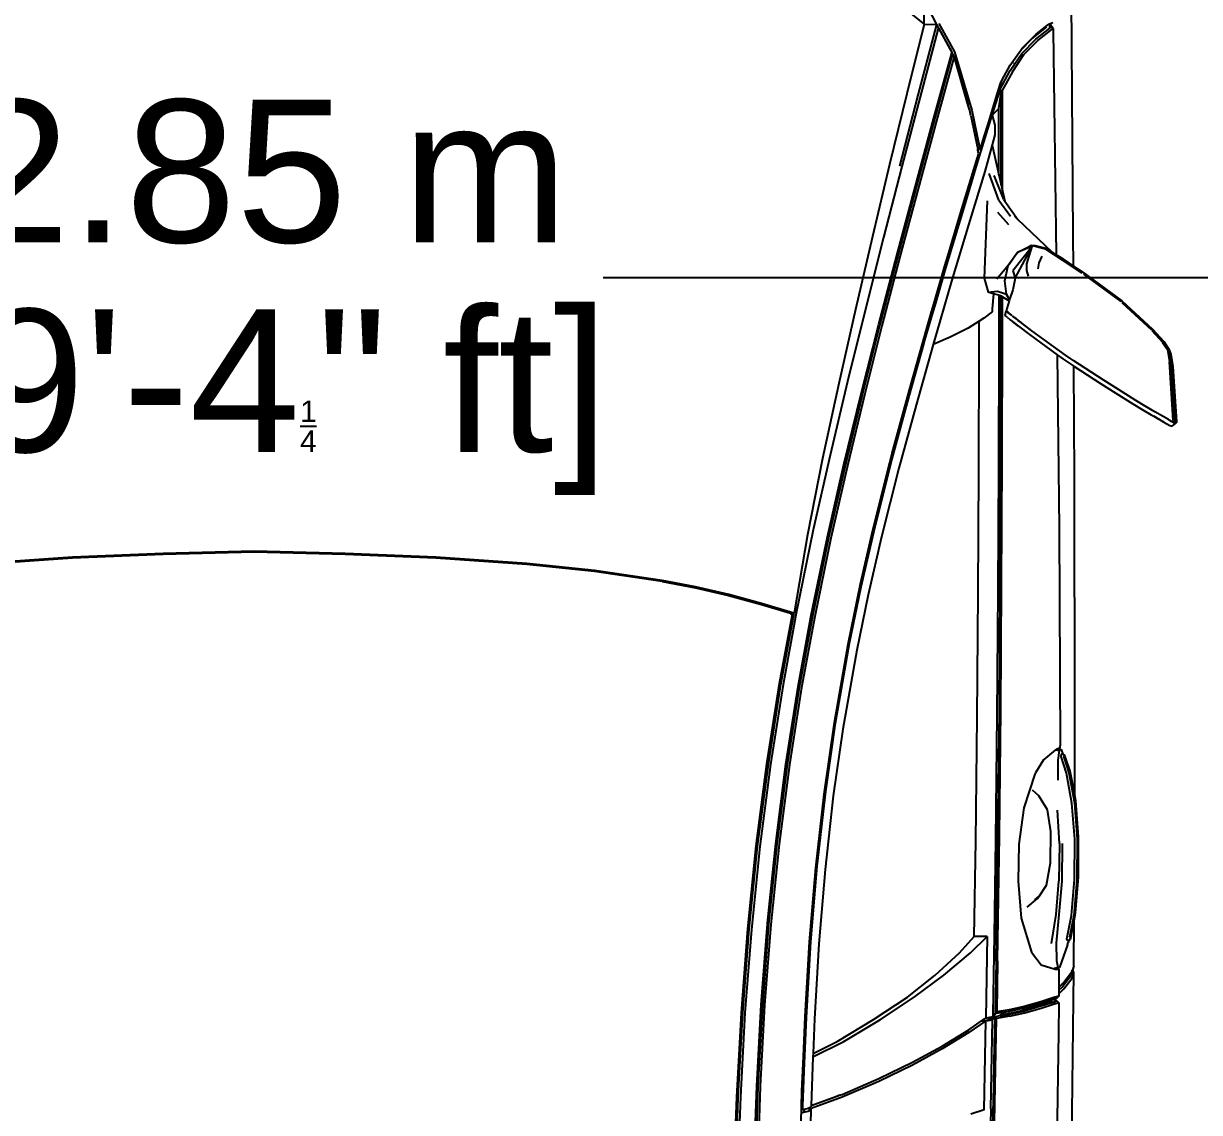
# Model space of a CAD drawing. Header units: metres. Extents: x 54.3 to 102.1, y 17 to 45.8.
# Drawn here: x 72.541 to 73.448, y 29.581 to 30.421 of the extents above; entities that cross this region are included whole.
import ezdxf

# ---------------------------------------------------------------- set-up
doc = ezdxf.new("R2010")
doc.units = ezdxf.units.M
doc.layers.get('Defpoints').update_dxf_attribs({"lineweight": 0})
doc.layers.add('Edges', color=7, linetype='Continuous')
doc.styles.add('TEXTS', font='swissl.ttf')
doc.dimstyles.new('Copy of DIMTEXT', dxfattribs={"dimscale": 0.3, "dimtxt": 0.22, "dimasz": 0.18, "dimexe": 0.05, "dimexo": 0.05, "dimgap": 0.05, "dimtad": 0, "dimzin": 1, "dimdsep": 46, "dimtxsty": 'TEXTS', "dimblk": 'ARCHTICK', "dimcen": 0.1, "dimclrd": 256, "dimclre": 6, "dimclrt": 7, "dimadec": 0, "dimazin": 0, "dimtfac": 0.15, "dimtix": 1, "dimtofl": 0, "dimtmove": 1, "dimatfit": 3, "dimldrblk": 'OPEN', "dimfxl": 0, "dimtolj": 1, "dimtzin": 0, "dimarcsym": 0})

# ---------------------------------------------------------------- blocks, each defined once
blk = doc.blocks.new('BMW 7 Series pl')
at = {"layer": 'Edges'}
for p, q in [((-665.3, 1056.5), (-651, 1058.9)), ((-656.8, 1056.3), (-588.6, 1060.6)), ((-588.7, 1059.4), (-656.6, 1055.1)), ((-651, 1058.9), (-587.7, 1063.2)), ((-586.7, 1059.4), (-588.9, 1055.4)), ((-588.7, 1059.4), (-588.7, 1059.4)), ((-588.6, 1060.6), (-587.9, 1060.7)), ((-588.6, 1060.4), (-588, 1060.4)), ((-588, 1060.4), (-588.4, 1059.7)), ((-587.9, 1060.7), (-588, 1060.4)), ((-588, 1060.4), (-587.9, 1060.3)), ((-587.7, 1061.1), (-587.9, 1060.7)), ((-587.9, 1060.7), (-587.5, 1060.7)), ((-587.7, 1063.2), (-586.7, 1063.2)), ((-587.5, 1060.7), (-587.3, 1061.1)), ((-587.5, 1060.7), (-586.6, 1059.5)), ((-586.7, 1063.2), (-587.4, 1061.7)), ((-587.3, 1061.1), (-586.7, 1063.2)), ((-586.7, 1063.2), (-585.6, 1062.3)), ((-586.6, 1059.5), (-586.7, 1059.4)), ((-586.7, 1059.4), (-586.6, 1059.4)), ((-586.2, 1060.5), (-586.6, 1059.5)), ((-586.6, 1059.5), (-586.2, 1060.2)), ((-586.6, 1059.5), (-586.6, 1059.5)), ((-586.6, 1059.5), (-586.6, 1059.5)), ((-586.6, 1059.5), (-586.6, 1059.5)), ((-586.6, 1059.5), (-586.6, 1059.5)), ((-586.2, 1060.2), (-585.6, 1062.3)), ((-582.2, 1058), (-585.6, 1062.3)), ((-583.2, 1055.2), (-582.2, 1058)), ((-693.9, 1035.5), (-679.9, 1048.3)), ((-693.8, 1035.2), (-679.8, 1047.9)), ((-692.4, 1034.8), (-679.2, 1046.9)), ((-679.9, 1048.3), (-671.2, 1054.3)), ((-679.8, 1047.9), (-671.1, 1053.9)), ((-678.7, 1047.1), (-670.7, 1052.7)), ((-671.2, 1054.3), (-665.3, 1056.5)), ((-671.1, 1053.9), (-656.8, 1056.3)), ((-670.7, 1052.7), (-656.6, 1055.1)), ((-593.3, 1047.7), (-598.9, 1038.1)), ((-589.9, 1053.7), (-593.3, 1047.8)), ((-593.3, 1047.8), (-593.3, 1047.7)), ((-588.9, 1055.4), (-589.9, 1053.7)), ((-589.9, 1053.7), (-589.9, 1053.7)), ((-589.9, 1043.6), (-587.1, 1048.5)), ((-587.1, 1048.5), (-589.6, 1043.7)), ((-588.9, 1055.4), (-588.9, 1055.4)), ((-587.1, 1048.5), (-583.2, 1055.2)), ((-726.7, 999.9), (-693.9, 1035.5)), ((-726.6, 999.6), (-693.8, 1035.2)), ((-724.4, 1000.3), (-693.1, 1034.2)), ((-692.5, 1034.8), (-692.4, 1034.8)), ((-598.9, 1038.1), (-605.2, 1027)), ((-601.5, 1023.3), (-595.4, 1034)), ((-598.9, 1038.1), (-598.9, 1038.1)), ((-595.4, 1034), (-593.7, 1036.9)), ((-589.6, 1043.7), (-593.7, 1036.9)), ((-593.7, 1036.9), (-590.9, 1041.8)), ((-590.3, 1042.7), (-590.9, 1041.8)), ((-590.1, 1043.3), (-590.3, 1042.7)), ((-590.1, 1043.3), (-589.9, 1043.6)), ((-605.2, 1027), (-611.8, 1016.1)), ((-605.2, 1026.9), (-611.8, 1016)), ((-607.9, 1012.7), (-601.5, 1023.3)), ((-605.2, 1027), (-605.2, 1026.9)), ((-611.8, 1016.1), (-624.5, 996.2)), ((-611.8, 1016), (-624.5, 996.1)), ((-620.4, 993), (-607.9, 1012.7)), ((-759.7, 955), (-726.7, 999.9)), ((-759.7, 954.8), (-726.6, 999.6)), ((-757.6, 955.8), (-725.8, 998.7)), ((-724.5, 1000.1), (-724.4, 1000.3)), ((-624.5, 996.2), (-635.5, 978.5)), ((-624.5, 996.1), (-635.5, 978.4)), ((-631.4, 975.5), (-620.4, 993)), ((-635.5, 978.5), (-657.7, 944.9)), ((-635.5, 978.4), (-657.6, 944.9)), ((-651.5, 944.9), (-631.4, 975.5)), ((-773.9, 931.3), (-758.8, 954.1)), ((-766.8, 944.3), (-759.7, 955)), ((-766.6, 944.3), (-759.7, 954.8)), ((-109.1, 950.2), (-150.5, 947.1)), ((-62.7, 950.1), (-109.1, 950.2)), ((-21.3, 946.7), (-62.7, 950.1)), ((-802, 944.1), (-1074.6, 942.1)), ((-766.8, 944.3), (-802, 944.1)), ((-775, 931.9), (-766.8, 944.3)), ((-774.9, 931.8), (-766.6, 944.3)), ((-766.6, 944.3), (-766.8, 944.3)), ((-657.6, 944.9), (-664.1, 935)), ((-657.7, 944.9), (-664.1, 935.1)), ((-659.9, 932.1), (-651.5, 944.9)), ((-657.6, 944.9), (-657.7, 944.9)), ((-524.1, 945.6), (-651.5, 944.9)), ((-246.2, 946), (-524.1, 945.6)), ((-157.9, 945.7), (-246.2, 946)), ((-185, 940.6), (-201.6, 934.8)), ((-182.5, 936.3), (-201.6, 930.3)), ((-201.1, 933.3), (-183.1, 939)), ((-157.9, 945.7), (-185, 940.6)), ((-183.1, 939), (-148.3, 945.3)), ((-148, 942.6), (-182.5, 936.3)), ((-150.5, 947.1), (-157.9, 945.7)), ((-148.3, 945.3), (-106.7, 948.4)), ((-106.7, 945.7), (-148, 942.6)), ((-106.7, 948.4), (-60, 948.1)), ((-60.1, 945.5), (-106.7, 945.7)), ((-18.7, 942), (-60.1, 945.5)), ((-60, 948.1), (-18.4, 944.6)), ((-12.8, 945), (-21.3, 946.7)), ((8.3, 936.7), (-18.7, 942)), ((-18.4, 944.6), (6.3, 939.8)), ((37.3, 944.8), (-12.8, 945)), ((5.4, 941.5), (-12.8, 945)), ((8.6, 940.7), (5.4, 941.5)), ((6.3, 939.8), (8.6, 940.7)), ((8.3, 936.7), (8.4, 936.8)), ((10.4, 937.5), (8.4, 936.8)), ((9.7, 938.8), (8.6, 940.7)), ((9.7, 938.8), (12.6, 938.3)), ((10.4, 937.5), (9.7, 938.8)), ((15.3, 937.5), (12.6, 938.3)), ((15.3, 937.5), (41.3, 928.2)), ((39.4, 944.8), (37.3, 944.8)), ((38.8, 944.3), (38.9, 944.4)), ((39.4, 944.8), (44.5, 943)), ((44, 942.6), (43.9, 942.5)), ((44.4, 942.9), (44, 942.6)), ((44, 942.6), (44, 942.5)), ((44.6, 942.8), (44.2, 942.4)), ((46.7, 944.7), (44.5, 943)), ((44.5, 943), (46.5, 942.3)), ((45.9, 942.3), (44.6, 942.8)), ((46.5, 942.3), (46.9, 942)), ((53.8, 942.3), (46.7, 944.7)), ((309.8, 941.6), (46.7, 944.7)), ((51.7, 940.3), (46.9, 942)), ((46.9, 942), (58.5, 933.1)), ((63.8, 931.2), (51.7, 940.3)), ((65.9, 933.2), (53.8, 942.3)), ((-1037.6, 920.8), (-779.7, 924.4)), ((-787.1, 912.7), (-774.9, 931.8)), ((-786.2, 912.4), (-773.9, 931.2)), ((-779.7, 924.4), (-782.8, 919.6)), ((-775, 931.9), (-779.7, 924.4)), ((-664.1, 935.1), (-692.1, 896.3)), ((-664.1, 935), (-692.1, 896.2)), ((-687.9, 893.5), (-664.6, 925.6)), ((-664.6, 925.6), (-659.9, 932.1)), ((-664.6, 925.6), (-464.9, 927.7)), ((-464.9, 927.7), (-213.9, 928.8)), ((-211.8, 928.8), (-213.9, 928.8)), ((-210.7, 927), (-211.8, 928.8)), ((-211.8, 928.8), (-211.1, 927.2)), ((-210.7, 927), (-211.1, 927.2)), ((-211.1, 927.2), (-210.7, 926.2)), ((-210.6, 926.9), (-210.7, 927)), ((-210.6, 926.8), (-210.7, 927)), ((-210.7, 926.2), (-210.6, 926.8)), ((-210.7, 926.2), (-210.7, 926.1)), ((-210, 925.1), (-210.7, 926.1)), ((-210.7, 926.1), (-210.1, 924.6)), ((-210.6, 926.9), (-210, 930.2)), ((-210, 926.6), (-210.6, 926.9)), ((-210.6, 926.8), (-210.6, 926.9)), ((-210, 925.7), (-210.6, 926.8)), ((-210.1, 924.6), (-209.4, 923.7)), ((-210, 930.2), (-204.6, 932.1)), ((-209.9, 929.6), (-210, 930.2)), ((-208.7, 928.1), (-209.9, 929.6)), ((-209.4, 923.7), (-208.7, 928.1)), ((-209.4, 923.7), (-197.9, 909.6)), ((-197.6, 926.8), (-208.7, 928.1)), ((-205.1, 931.2), (-204.6, 932.1)), ((-204.4, 930.4), (-205.1, 931.2)), ((-204.6, 932.1), (-203.8, 933.5)), ((-201.8, 930.3), (-204.4, 930.4)), ((-201.6, 934.8), (-203.8, 933.5)), ((-203.8, 933.5), (-201.1, 933.3)), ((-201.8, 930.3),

→ WORK ITEM
Hand back the exact lines from the start of the entries to the line with "doc.styles.add('TEXTS', font='swissl.ttf')", both ends kept and pictures left out.

→ TASK SOLUTION
# Model space of a CAD drawing. Header units: metres. Extents: x 54.3 to 102.1, y 17 to 45.8.
# Drawn here: x 72.541 to 73.448, y 29.581 to 30.421 of the extents above; entities that cross this region are included whole.
import ezdxf

# ---------------------------------------------------------------- set-up
doc = ezdxf.new("R2010")
doc.units = ezdxf.units.M
doc.layers.get('Defpoints').update_dxf_attribs({"lineweight": 0})
doc.layers.add('Edges', color=7, linetype='Continuous')
doc.styles.add('TEXTS', font='swissl.ttf')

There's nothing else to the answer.